■ INSTRUCTIONS TO FOLLOW ■
Only lines containing "units" belong in the answer, each copied from the entries below.

[Collected data entries]
BEGIN

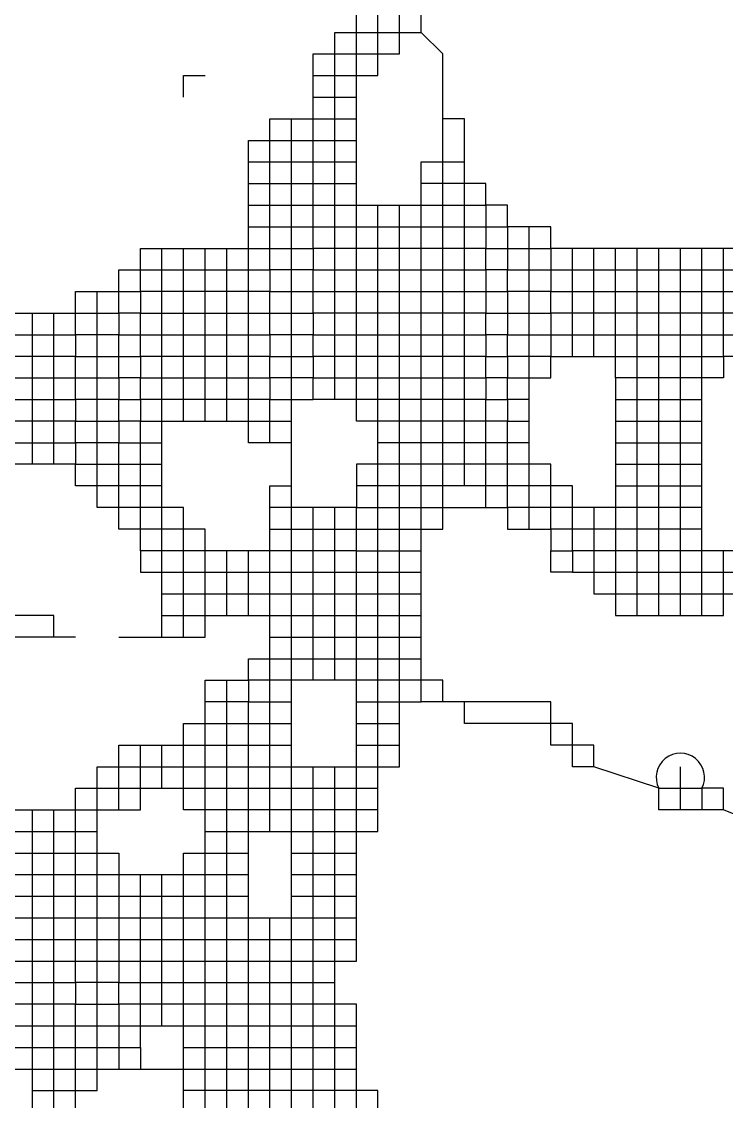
# Model space of a CAD drawing. Header units: millimetres. Extents: x 0 to 594, y 0 to 420.
# Drawn here: x 503.95 to 507.99, y 108.32 to 114.51 of the extents above; entities that cross this region are included whole.
import ezdxf
from ezdxf.enums import TextEntityAlignment as Align

# ---------------------------------------------------------------- set-up
doc = ezdxf.new("R2010")
doc.units = ezdxf.units.MM
doc.layers.add('TEXT', color=255, linetype='Continuous')
doc.styles.add('ECL', font='', dxfattribs={"width": 0.7, "height": 3})
doc.styles.get('ECL').set_extended_font_data('FangSong_GB2312')

# ---------------------------------------------------------------- blocks, each defined once
blk = doc.blocks.new('*U68')
at = {"color": 155, "linetype": 'Continuous'}
for points in [[(-20.6085, 5.6125), (-20.6085, 5.761), (-20.6085, 5.9095), (-20.6085, 6.058), (-20.6085, 6.2065), (-20.6085, 6.355), (-20.6085, 6.5035), (-20.6085, 6.652), (-20.6085, 6.8005), (-20.6085, 6.949), (-20.6085, 7.0975), (-20.6085, 7.246), (-20.6085, 7.3945), (-20.6085, 7.543), (-20.6085, 7.6915), (-20.6085, 7.84), (-20.6085, 7.9885), (-20.46, 7.9885), (-20.3115, 7.9885), (-20.3115, 8.137), (-20.3115, 8.2855)], [(-18.084, 4.87), (-18.2325, 4.87), (-18.381, 4.87), (-18.5295, 4.87), (-18.678, 4.87), (-18.975, 4.87), (-18.975, 5.0185), (-19.1235, 5.0185), (-19.1235, 5.167), (-19.272, 5.167), (-19.4205, 5.167), (-19.4205, 5.3155), (-19.569, 5.3155), (-19.569, 5.464), (-19.7175, 5.464), (-19.866, 5.464), (-20.0145, 5.464), (-20.163, 5.464), (-20.3115, 5.464), (-20.46, 5.464), (-20.46, 5.6125), (-20.46, 5.761), (-20.46, 5.9095), (-20.46, 6.058), (-20.46, 6.2065), (-20.46, 6.355), (-20.46, 6.5035), (-20.46, 6.652), (-20.46, 6.8005), (-20.46, 6.949), (-20.46, 7.0975), (-20.46, 7.246), (-20.46, 7.3945), (-20.46, 7.543), (-20.46, 7.6915), (-20.46, 7.84), (-20.46, 7.9885), (-20.46, 8.137), (-20.46, 8.2855)], [(-20.757, 7.84), (-20.6085, 7.84), (-20.46, 7.84), (-20.3115, 7.84), (-20.3115, 7.9885), (-20.163, 7.9885), (-20.163, 8.137), (-20.163, 8.2855), (-20.163, 8.434), (-20.163, 8.5825), (-20.0145, 8.5825), (-20.0145, 8.731), (-20.163, 8.731), (-20.3115, 8.731)], [(-20.757, 7.6915), (-20.6085, 7.6915), (-20.46, 7.6915)], [(-19.866, 3.5335), (-20.0145, 3.5335), (-20.0145, 3.682), (-20.0145, 3.8305), (-20.0145, 3.979), (-20.0145, 4.1275), (-20.0145, 4.276), (-20.0145, 4.4245), (-20.0145, 4.573), (-20.0145, 4.7215), (-20.0145, 4.87), (-20.0145, 5.0185), (-20.0145, 5.167), (-20.0145, 5.3155), (-20.0145, 5.464), (-20.0145, 5.6125), (-20.0145, 5.761), (-20.0145, 5.9095), (-20.0145, 6.058), (-20.0145, 6.2065), (-20.0145, 6.355), (-20.0145, 6.5035), (-20.0145, 6.652), (-20.0145, 6.8005), (-20.0145, 6.949), (-20.0145, 7.0975), (-20.0145, 7.246), (-19.866, 7.246), (-19.7175, 7.246)], [(-21.054, 2.6425), (-20.9055, 2.6425), (-20.757, 2.6425), (-20.6085, 2.6425), (-20.46, 2.6425), (-20.3115, 2.6425), (-20.3115, 2.791), (-20.3115, 2.9395), (-20.3115, 3.088), (-20.3115, 3.2365), (-20.3115, 3.385), (-20.3115, 3.5335), (-20.3115, 3.682), (-20.3115, 3.8305), (-20.3115, 3.979), (-20.3115, 4.1275), (-20.3115, 4.276), (-20.3115, 4.4245), (-20.3115, 4.573), (-20.3115, 4.7215), (-20.3115, 4.87), (-20.3115, 5.0185), (-20.3115, 5.167), (-20.3115, 5.3155), (-20.3115, 5.464), (-20.3115, 5.6125), (-20.3115, 5.761), (-20.3115, 5.9095), (-20.3115, 6.058), (-20.3115, 6.2065), (-20.3115, 6.355), (-20.3115, 6.5035), (-20.3115, 6.652), (-20.3115, 6.8005), (-20.3115, 6.949)], [(-18.084, 4.1275), (-18.084, 4.276), (-18.084, 4.4245), (-18.084, 4.573), (-18.084, 4.7215), (-18.084, 4.87), (-18.084, 5.0185), (-18.084, 5.167), (-18.084, 5.3155), (-18.084, 5.464), (-18.084, 5.6125), (-18.084, 5.761), (-18.084, 5.9095), (-18.084, 6.058), (-18.084, 6.2065), (-18.084, 6.355), (-18.084, 6.5035), (-18.084, 6.652)], [(-18.678, 5.464), (-18.5295, 5.464), (-18.381, 5.464), (-18.2325, 5.464), (-18.084, 5.464)], [(-18.678, 5.3155), (-18.5295, 5.3155), (-18.381, 5.3155), (-18.2325, 5.3155), (-18.084, 5.3155)], [(-18.678, 5.167), (-18.5295, 5.167), (-18.381, 5.167), (-18.2325, 5.167), (-18.084, 5.167)], [(-18.678, 5.0185), (-18.5295, 5.0185), (-18.381, 5.0185), (-18.2325, 5.0185), (-18.084, 5.0185)], [(-20.757, 3.682), (-20.757, 3.8305), (-20.757, 3.979), (-20.757, 4.1275), (-20.757, 4.276), (-20.757, 4.4245), (-20.757, 4.573), (-20.757, 4.7215), (-20.757, 4.87)], [(-18.8265, 4.87), (-18.8265, 4.7215), (-18.8265, 4.573), (-18.8265, 4.4245), (-18.678, 4.4245), (-18.5295, 4.4245), (-18.381, 4.4245), (-18.2325, 4.4245), (-18.084, 4.4245), (-17.9355, 4.4245), (-17.787, 4.4245), (-17.787, 4.573)], [(-21.054, 3.979), (-20.9055, 3.979), (-20.757, 3.979), (-20.6085, 3.979), (-20.46, 3.979), (-20.3115, 3.979), (-20.163, 3.979), (-20.0145, 3.979)], [(-22.836, 2.494), (-22.6875, 2.494), (-22.539, 2.494), (-22.3905, 2.494), (-22.3905, 2.6425), (-22.242, 2.6425), (-22.242, 2.791), (-22.0935, 2.791), (-21.945, 2.791), (-21.945, 2.9395), (-21.7965, 2.9395), (-21.648, 2.9395), (-21.648, 3.088), (-21.4995, 3.088), (-21.4995, 3.2365), (-21.351, 3.2365), (-21.2025, 3.2365), (-21.2025, 3.385), (-21.054, 3.385), (-20.9055, 3.385)], [(-21.7965, 2.9395), (-21.7965, 3.088), (-21.7965, 3.2365)], [(-20.3115, 2.791), (-20.46, 2.791), (-20.6085, 2.791), (-20.757, 2.791), (-20.9055, 2.791), (-21.054, 2.791), (-21.2025, 2.791), (-21.2025, 2.9395), (-21.054, 2.9395), (-20.9055, 2.9395), (-20.757, 2.9395), (-20.6085, 2.9395), (-20.46, 2.9395), (-20.3115, 2.9395)]]:
    blk.add_lwpolyline(points, dxfattribs=at)
at = {"color": 8, "linetype": 'Continuous'}
for points in [[(-19.866, 6.949), (-19.866, 7.0975), (-19.866, 7.246), (-19.866, 7.3945), (-19.866, 7.543), (-19.866, 7.9885), (-20.0145, 8.137), (-20.0145, 8.2855), (-20.0145, 8.434), (-20.0145, 8.5825), (-19.866, 8.5825), (-19.866, 8.731), (-19.866, 8.8795), (-19.866, 9.028), (-19.866, 9.1765), (-19.866, 9.325)], [(-21.2025, 6.5035), (-21.2025, 6.652), (-21.2025, 6.8005), (-21.2025, 6.949), (-21.2025, 7.0975), (-21.2025, 7.246), (-21.2025, 7.3945), (-21.054, 7.3945), (-21.054, 7.543), (-20.757, 7.543), (-20.757, 7.6915), (-20.757, 7.84), (-20.757, 7.9885), (-20.6085, 7.9885), (-20.6085, 8.137), (-20.46, 8.137), (-20.3115, 8.137), (-20.163, 8.137), (-20.0145, 8.137)], [(-17.49, 5.167), (-17.3415, 5.167), (-17.193, 5.167), (-17.0445, 5.167), (-17.0445, 5.3155), (-17.0445, 5.464), (-17.0445, 5.6125), (-17.0445, 5.761), (-17.0445, 5.9095), (-17.0445, 6.058), (-17.0445, 6.2065), (-17.0445, 6.355), (-17.0445, 6.5035), (-17.193, 6.5035), (-17.193, 6.652), (-19.1235, 6.652), (-19.1235, 6.8005), (-19.4205, 6.8005), (-19.4205, 6.949), (-19.569, 6.949), (-19.569, 7.0975), (-19.7175, 7.0975), (-19.866, 7.0975), (-20.0145, 7.0975)], [(-21.054, 5.3155), (-21.054, 5.464), (-20.9055, 5.464)], [(-20.46, 4.276), (-20.3115, 4.276), (-20.163, 4.276), (-20.0145, 4.276)], [(-22.6875, 0.8605), (-22.539, 0.8605), (-22.3905, 0.8605), (-22.3905, 1.009), (-22.242, 1.009), (-22.0935, 1.009)]]:
    blk.add_lwpolyline(points, dxfattribs=at)
at = {"color": 254, "linetype": 'Continuous'}
for points in [[(-21.648, 7.6915), (-21.648, 7.84), (-21.4995, 7.84)], [(-17.9355, 2.791), (-18.084, 2.791), (-18.2325, 2.791), (-18.381, 2.791), (-18.381, 2.9395), (-18.8265, 3.088), (-18.8265, 3.2365), (-18.975, 3.2365), (-19.1235, 3.2365), (-19.1235, 3.385), (-19.272, 3.385), (-19.4205, 3.385), (-19.569, 3.385), (-19.7175, 3.385), (-19.7175, 3.5335)]]:
    blk.add_lwpolyline(points, dxfattribs=at)
at = {"color": 251, "linetype": 'Continuous'}
for points in [[(-23.133, 2.791), (-22.3905, 2.791), (-22.3905, 2.9395), (-22.242, 2.9395), (-22.242, 3.088), (-22.0935, 3.088), (-22.0935, 3.2365), (-21.648, 3.2365), (-21.648, 3.385), (-21.4995, 3.385), (-21.4995, 3.5335), (-21.4995, 3.682), (-21.2025, 3.682), (-21.2025, 3.8305), (-21.054, 3.8305), (-20.9055, 3.8305), (-20.757, 3.8305), (-20.6085, 3.8305), (-20.46, 3.8305), (-20.3115, 3.8305), (-20.163, 3.8305), (-20.0145, 3.8305)], [(-21.7965, 3.979), (-21.7965, 4.1275), (-21.7965, 4.276), (-21.7965, 4.4245), (-21.7965, 4.573), (-21.7965, 4.7215), (-21.7965, 4.87), (-21.7965, 5.0185), (-21.7965, 5.167), (-21.7965, 5.3155), (-21.7965, 5.464), (-21.7965, 5.6125), (-21.7965, 5.761), (-21.7965, 5.9095), (-21.7965, 6.058), (-21.7965, 6.2065), (-21.7965, 6.355), (-21.7965, 6.5035), (-21.7965, 6.652)], [(-18.5295, 4.1275), (-18.5295, 4.276), (-18.5295, 4.4245), (-18.5295, 4.573), (-18.5295, 4.7215), (-18.5295, 4.87), (-18.5295, 5.0185), (-18.5295, 5.167), (-18.5295, 5.3155), (-18.5295, 5.464), (-18.5295, 5.6125), (-18.5295, 5.761), (-18.5295, 5.9095), (-18.5295, 6.058), (-18.5295, 6.2065), (-18.5295, 6.355), (-18.5295, 6.5035), (-18.5295, 6.652)], [(-20.9055, 5.3155), (-21.054, 5.3155), (-21.2025, 5.3155), (-21.2025, 5.464), (-21.2025, 5.6125), (-21.2025, 5.761), (-21.2025, 5.9095), (-21.2025, 6.058), (-21.2025, 6.2065), (-21.2025, 6.355), (-21.2025, 6.5035)], [(-19.272, 4.7215), (-19.272, 4.87), (-19.272, 5.0185), (-19.272, 5.167), (-19.272, 5.3155), (-19.272, 5.464), (-19.272, 5.6125), (-19.272, 5.761), (-19.1235, 5.761), (-19.1235, 5.9095), (-19.272, 5.9095), (-19.4205, 5.9095), (-19.4205, 6.058), (-19.569, 6.058), (-19.569, 6.2065), (-19.7175, 6.2065), (-19.866, 6.2065), (-20.0145, 6.2065), (-20.163, 6.2065), (-20.3115, 6.2065), (-20.46, 6.2065), (-20.6085, 6.2065), (-20.757, 6.2065), (-20.757, 6.058), (-20.9055, 6.058), (-21.054, 6.058), (-21.054, 5.9095), (-21.2025, 5.9095), (-21.351, 5.9095), (-21.4995, 5.9095), (-21.648, 5.9095), (-21.7965, 5.9095), (-21.945, 5.9095), (-21.945, 5.761), (-22.0935, 5.761), (-22.0935, 5.6125), (-22.242, 5.6125), (-22.3905, 5.6125), (-22.3905, 5.464), (-22.539, 5.464), (-22.6875, 5.464), (-22.836, 5.464)], [(-22.539, 5.167), (-22.539, 5.3155), (-22.539, 5.464), (-22.539, 5.6125), (-22.539, 5.761), (-22.539, 5.9095), (-22.539, 6.058), (-22.539, 6.2065)], [(-20.46, 4.573), (-20.6085, 4.573), (-20.757, 4.573), (-20.9055, 4.573), (-21.054, 4.573), (-21.4995, 4.573), (-21.4995, 4.7215), (-21.648, 4.7215), (-21.648, 4.87), (-21.7965, 4.87), (-21.945, 4.87), (-21.945, 5.0185), (-22.0935, 5.0185), (-22.242, 5.0185), (-22.3905, 5.0185), (-22.3905, 5.167), (-22.242, 5.167), (-22.0935, 5.167), (-22.0935, 5.3155), (-21.945, 5.3155), (-21.945, 5.464), (-21.7965, 5.464), (-21.648, 5.464), (-21.4995, 5.464), (-21.351, 5.464), (-21.2025, 5.464), (-21.054, 5.464), (-21.054, 5.6125), (-20.9055, 5.6125), (-20.757, 5.6125), (-20.757, 5.761), (-20.6085, 5.761), (-20.46, 5.761), (-20.3115, 5.761), (-20.163, 5.761), (-20.0145, 5.761), (-19.866, 5.761), (-19.7175, 5.761), (-19.569, 5.761), (-19.569, 5.6125), (-19.4205, 5.6125), (-19.4205, 5.464), (-19.272, 5.464)], [(-19.272, 5.3155), (-19.4205, 5.3155), (-19.4205, 5.464), (-19.569, 5.464), (-19.569, 5.6125), (-19.7175, 5.6125), (-19.866, 5.6125), (-20.0145, 5.6125), (-20.163, 5.6125), (-20.3115, 5.6125), (-20.46, 5.6125), (-20.6085, 5.6125), (-20.757, 5.6125)], [(-21.7965, 5.0185), (-21.945, 5.0185), (-21.945, 5.167), (-21.7965, 5.167)], [(-22.836, 1.7515), (-22.6875, 1.7515), (-22.539, 1.7515), (-22.3905, 1.7515), (-22.3905, 1.9), (-22.242, 1.9), (-22.0935, 1.9), (-22.0935, 1.7515), (-21.945, 1.7515), (-21.7965, 1.7515), (-21.648, 1.7515), (-21.4995, 1.7515), (-21.351, 1.7515), (-21.2025, 1.7515), (-21.054, 1.7515), (-20.9055, 1.7515), (-20.757, 1.7515), (-20.6085, 1.7515), (-20.46, 1.7515), (-20.46, 1.9), (-20.46, 2.0485), (-20.46, 2.197), (-20.46, 2.3455), (-20.46, 2.494), (-20.46, 2.6425), (-20.46, 2.791), (-20.46, 2.9395), (-20.46, 3.088), (-20.46, 3.2365), (-20.46, 3.385), (-20.46, 3.5335), (-20.46, 3.682), (-20.46, 3.8305), (-20.46, 3.979), (-20.46, 4.1275), (-20.46, 4.276), (-20.46, 4.4245), (-20.46, 4.573), (-20.46, 4.7215), (-20.3115, 4.7215), (-20.163, 4.7215), (-20.0145, 4.7215), (-19.866, 4.7215), (-19.866, 4.87), (-19.866, 5.0185)], [(-22.836, 2.0485), (-22.6875, 2.0485), (-22.539, 2.0485), (-22.3905, 2.0485), (-22.3905, 2.197), (-22.242, 2.197), (-22.0935, 2.197), (-22.0935, 2.0485), (-21.945, 2.0485), (-21.7965, 2.0485), (-21.648, 2.0485), (-21.648, 2.197), (-21.4995, 2.197), (-21.351, 2.197), (-21.2025, 2.197)], [(-21.2025, 4.1275), (-21.2025, 4.276), (-21.2025, 4.4245), (-21.2025, 4.573)], [(-21.7965, 4.1275), (-21.648, 4.1275), (-21.4995, 4.1275), (-21.4995, 4.276), (-21.351, 4.276), (-21.2025, 4.276), (-21.054, 4.276), (-20.9055, 4.276), (-20.757, 4.276), (-20.6085, 4.276), (-20.46, 4.276)], [(-23.5785, 2.197), (-23.43, 2.197), (-23.2815, 2.197), (-23.133, 2.197), (-22.9845, 2.197), (-22.836, 2.197), (-22.6875, 2.197), (-22.539, 2.197), (-22.3905, 2.197), (-22.3905, 2.3455), (-22.242, 2.3455), (-22.0935, 2.3455), (-22.0935, 2.197), (-21.945, 2.197), (-21.7965, 2.197), (-21.648, 2.197), (-21.648, 2.3455), (-21.4995, 2.3455), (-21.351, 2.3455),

END

■ ANSWER TO THIS PROBLEM ■
# Model space of a CAD drawing. Header units: millimetres. Extents: x 0 to 594, y 0 to 420.
doc.units = ezdxf.units.MM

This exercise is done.